I think I'm going to pick up a Yugo 59/66a1 SKS on m C&R lic. for my deer rifle. I can get one in "Like New" condition for $170 shipped to my door and ammo is still only $110/1000 for plinkin' stuff and I can load up some decent stuff for hunting out to 200 yrds. JMHO, YMMV.


----------



## MarineCorps (Dec 25, 2005)

First of all i dont especally like any of those rifles but out of them i would go with the 30/30.

Everyone wants to much bullet!

Use the smallest caliber you can to get the job done.

No offense but if you have to use a .300 or above to kill a deer you must not be placing your shots very well and should consider hiding your face in a dark corner out of shame for not being able to shoot worth dirt.

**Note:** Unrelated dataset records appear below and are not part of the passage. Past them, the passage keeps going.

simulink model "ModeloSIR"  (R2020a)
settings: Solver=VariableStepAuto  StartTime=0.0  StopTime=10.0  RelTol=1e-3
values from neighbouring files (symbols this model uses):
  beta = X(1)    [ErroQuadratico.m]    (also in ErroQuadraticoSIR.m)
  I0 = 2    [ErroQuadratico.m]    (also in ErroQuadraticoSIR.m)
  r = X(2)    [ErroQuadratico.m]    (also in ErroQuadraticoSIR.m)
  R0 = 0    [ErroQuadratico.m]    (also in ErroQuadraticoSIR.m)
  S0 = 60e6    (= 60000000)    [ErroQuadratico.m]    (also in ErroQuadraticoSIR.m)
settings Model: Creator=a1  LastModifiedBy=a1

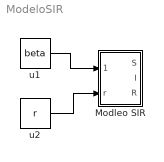
== system ModeloSIR ==
  Modleo SIR : Subsystem
  u1 : Constant  Value=beta
  u2 : Constant  Value=r
  wires:
  u1/1 -> Modleo SIR/1(beta)
  u2/1 -> Modleo SIR/2(r)

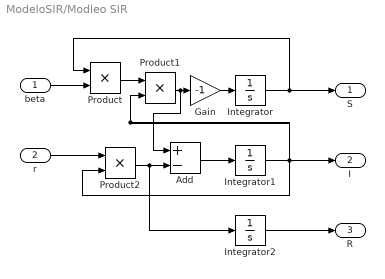
== system ModeloSIR/Modleo SIR ==
  beta : Inport
  r : Inport  Port=2
  Add : Sum  Inputs=+-
  Gain : Gain  Gain=-1
  Integrator : Integrator  InitialCondition=S0
  Integrator1 : Integrator  InitialCondition=I0
  Integrator2 : Integrator  InitialCondition=R0
  Product : Product
  Product1 : Product
  Product2 : Product
  S : Outport
  I : Outport  Port=2
  R : Outport  Port=3
  wires:
  Add/1 -> Integrator1/1
  Product2/1 -> Integrator2/1, Add/2
  r/1 -> Product2/1
  Integrator2/1 -> R/1
  Integrator/1 -> S/1, Product/1
  Product/1 -> Product1/1
  Product1/1 -> Add/1, Gain/1
  Integrator1/1 -> I/1, Product1/2, Product2/2
  Gain/1 -> Integrator/1
  beta/1 -> Product/2

All in all You probably can shoot alright and you are just hyped up about large calibers that really will just make you flinch every time you touch the trigger and wont hit anything.

Just my 2 Cents.


----------



## TN.Frank (Nov 12, 2005)

If you want a truly sweet lever gun look for a Savage 99 in either .243 Win or .250 Savage(ammo harder to find but it's a good one.). Either will make one great little deer rifle at woods range.


----------



## 147 Grain (Feb 18, 2005)

One of the best decisions I've made over the years was the purchase of a Marlin 336C in 30-30 Win.

Rifle still looks like new and it still shoots 3/4" groups at 100 yards.


----------